### Directions
Copy each entry below exactly. No images.

[Data entries]
◆ ◆ ◆ ◆ ◆ ◆ ◆

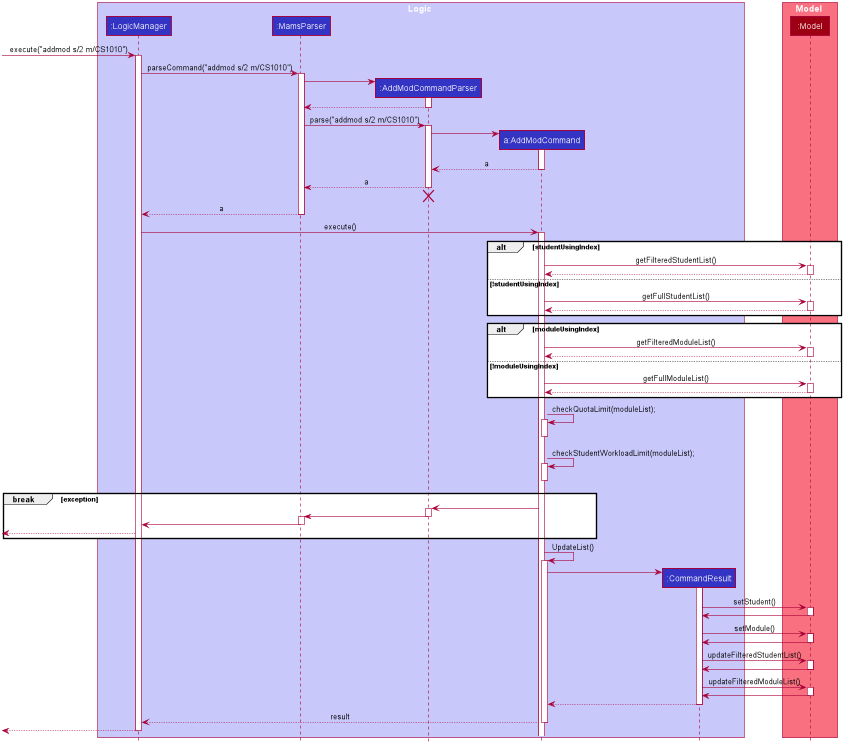

The diagram above was rendered by PlantUML. Its source (embedded in the PNG):
@startuml








skinparam BackgroundColor #FFFFFFF

skinparam Shadowing false

skinparam Class {
    FontColor #FFFFFF
    BorderThickness 1
    BorderColor #FFFFFF
    StereotypeFontColor #FFFFFF
    FontName Arial
}

skinparam Actor {
    BorderColor #000000
    Color #000000
    FontName Arial
}

skinparam Sequence {
    MessageAlign center
    BoxFontSize 15
    BoxPadding 0
    BoxFontColor #FFFFFF
    FontName Arial
}

skinparam Participant {
    FontColor #FFFFFFF
    Padding 20
}

skinparam MinClassWidth 50
skinparam ParticipantPadding 10
skinparam Shadowing false
skinparam DefaultTextAlignment center
skinparam packageStyle Rectangle

hide footbox
hide members
hide circle

box Logic #C8C8FA
participant ":LogicManager" as LogicManager #3333C4
participant ":MamsParser" as MamsParser #3333C4
participant ":AddModCommandParser" as AddModCommandParser #3333C4
participant "a:AddModCommand" as AddModCommand #3333C4
participant ":CommandResult" as CommandResult #3333C4
end box

box Model #F97181
participant ":Model" as Model #9D0012
end box

[-> LogicManager : execute("addmod s/2 m/CS1010")
activate LogicManager

LogicManager -> MamsParser : parseCommand("addmod s/2 m/CS1010")
activate MamsParser

create AddModCommandParser
MamsParser -> AddModCommandParser
activate AddModCommandParser

AddModCommandParser --> MamsParser
deactivate AddModCommandParser

MamsParser -> AddModCommandParser : parse("addmod s/2 m/CS1010")
activate AddModCommandParser

create AddModCommand
AddModCommandParser -> AddModCommand
activate AddModCommand

AddModCommand --> AddModCommandParser : a
deactivate AddModCommand

AddModCommandParser --> MamsParser : a
deactivate AddModCommandParser
AddModCommandParser -[hidden]-> MamsParser
destroy AddModCommandParser

MamsParser --> LogicManager : a
deactivate MamsParser

LogicManager -> AddModCommand : execute()
activate AddModCommand

alt studentUsingIndex
    AddModCommand -> Model : getFilteredStudentList()
    activate Model

    Model --> AddModCommand
    deactivate Model
else !studentUsingIndex
    AddModCommand -> Model : getFullStudentList()
    activate Model

    Model --> AddModCommand
    deactivate Model

end

alt moduleUsingIndex
    AddModCommand -> Model : getFilteredModuleList()
    activate Model

    Model --> AddModCommand
    deactivate Model
else !moduleUsingIndex
    AddModCommand -> Model : getFullModuleList()
    activate Model

    Model --> AddModCommand
    deactivate Model

end


AddModCommand -> AddModCommand: checkQuotaLimit(moduleList);
activate AddModCommand
deactivate AddModCommand
AddModCommand -> AddModCommand: checkStudentWorkloadLimit(moduleList);
activate AddModCommand
deactivate AddModCommand


break exception
   AddModCommand -> AddModCommandParser
   activate AddModCommandParser
   AddModCommandParser -> MamsParser
   deactivate AddModCommandParser
   activate MamsParser
   MamsParser -> LogicManager
   deactivate MamsParser
[<--LogicManager
end

AddModCommand -> AddModCommand: UpdateList()

create CommandResult
activate AddModCommand

AddModCommand -> CommandResult
activate CommandResult

CommandResult -> Model: setStudent()
activate Model
Model -> CommandResult
deactivate Model

CommandResult -> Model: setModule()
activate Model
Model -> CommandResult
deactivate Model

CommandResult -> Model: updateFilteredStudentList()
activate Model
Model -> CommandResult
deactivate Model

CommandResult -> Model: updateFilteredModuleList()
activate Model
Model -> CommandResult
deactivate Model

CommandResult --> AddModCommand
deactivate CommandResult

AddModCommand --> LogicManager : result
deactivate AddModCommand

[<--LogicManager
deactivate LogicManager
@enduml

◆ ◆ ◆ ◆ ◆ ◆ ◆

### Output of the task
The diagram above was rendered by PlantUML. Its source (embedded in the PNG):
@startuml








skinparam BackgroundColor #FFFFFFF

skinparam Shadowing false

skinparam Class {
    FontColor #FFFFFF
    BorderThickness 1
    BorderColor #FFFFFF
    StereotypeFontColor #FFFFFF
    FontName Arial
}

skinparam Actor {
    BorderColor #000000
    Color #000000
    FontName Arial
}

skinparam Sequence {
    MessageAlign center
    BoxFontSize 15
    BoxPadding 0
    BoxFontColor #FFFFFF
    FontName Arial
}

skinparam Participant {
    FontColor #FFFFFFF
    Padding 20
}

skinparam MinClassWidth 50
skinparam ParticipantPadding 10
skinparam Shadowing false
skinparam DefaultTextAlignment center
skinparam packageStyle Rectangle

hide footbox
hide members
hide circle

box Logic #C8C8FA
participant ":LogicManager" as LogicManager #3333C4
participant ":MamsParser" as MamsParser #3333C4
participant ":AddModCommandParser" as AddModCommandParser #3333C4
participant "a:AddModCommand" as AddModCommand #3333C4
participant ":CommandResult" as CommandResult #3333C4
end box

box Model #F97181
participant ":Model" as Model #9D0012
end box

[-> LogicManager : execute("addmod s/2 m/CS1010")
activate LogicManager

LogicManager -> MamsParser : parseCommand("addmod s/2 m/CS1010")
activate MamsParser

create AddModCommandParser
MamsParser -> AddModCommandParser
activate AddModCommandParser

AddModCommandParser --> MamsParser
deactivate AddModCommandParser

MamsParser -> AddModCommandParser : parse("addmod s/2 m/CS1010")
activate AddModCommandParser

create AddModCommand
AddModCommandParser -> AddModCommand
activate AddModCommand

AddModCommand --> AddModCommandParser : a
deactivate AddModCommand

AddModCommandParser --> MamsParser : a
deactivate AddModCommandParser
AddModCommandParser -[hidden]-> MamsParser
destroy AddModCommandParser

MamsParser --> LogicManager : a
deactivate MamsParser

LogicManager -> AddModCommand : execute()
activate AddModCommand

alt studentUsingIndex
    AddModCommand -> Model : getFilteredStudentList()
    activate Model

    Model --> AddModCommand
    deactivate Model
else !studentUsingIndex
    AddModCommand -> Model : getFullStudentList()
    activate Model

    Model --> AddModCommand
    deactivate Model

end

alt moduleUsingIndex
    AddModCommand -> Model : getFilteredModuleList()
    activate Model

    Model --> AddModCommand
    deactivate Model
else !moduleUsingIndex
    AddModCommand -> Model : getFullModuleList()
    activate Model

    Model --> AddModCommand
    deactivate Model

end


AddModCommand -> AddModCommand: checkQuotaLimit(moduleList);
activate AddModCommand
deactivate AddModCommand
AddModCommand -> AddModCommand: checkStudentWorkloadLimit(moduleList);
activate AddModCommand
deactivate AddModCommand


break exception
   AddModCommand -> AddModCommandParser
   activate AddModCommandParser
   AddModCommandParser -> MamsParser
   deactivate AddModCommandParser
   activate MamsParser
   MamsParser -> LogicManager
   deactivate MamsParser
[<--LogicManager
end

AddModCommand -> AddModCommand: UpdateList()

create CommandResult
activate AddModCommand

AddModCommand -> CommandResult
activate CommandResult

CommandResult -> Model: setStudent()
activate Model
Model -> CommandResult
deactivate Model

CommandResult -> Model: setModule()
activate Model
Model -> CommandResult
deactivate Model

CommandResult -> Model: updateFilteredStudentList()
activate Model
Model -> CommandResult
deactivate Model

CommandResult -> Model: updateFilteredModuleList()
activate Model
Model -> CommandResult
deactivate Model

CommandResult --> AddModCommand
deactivate CommandResult

AddModCommand --> LogicManager : result
deactivate AddModCommand

[<--LogicManager
deactivate LogicManager
@enduml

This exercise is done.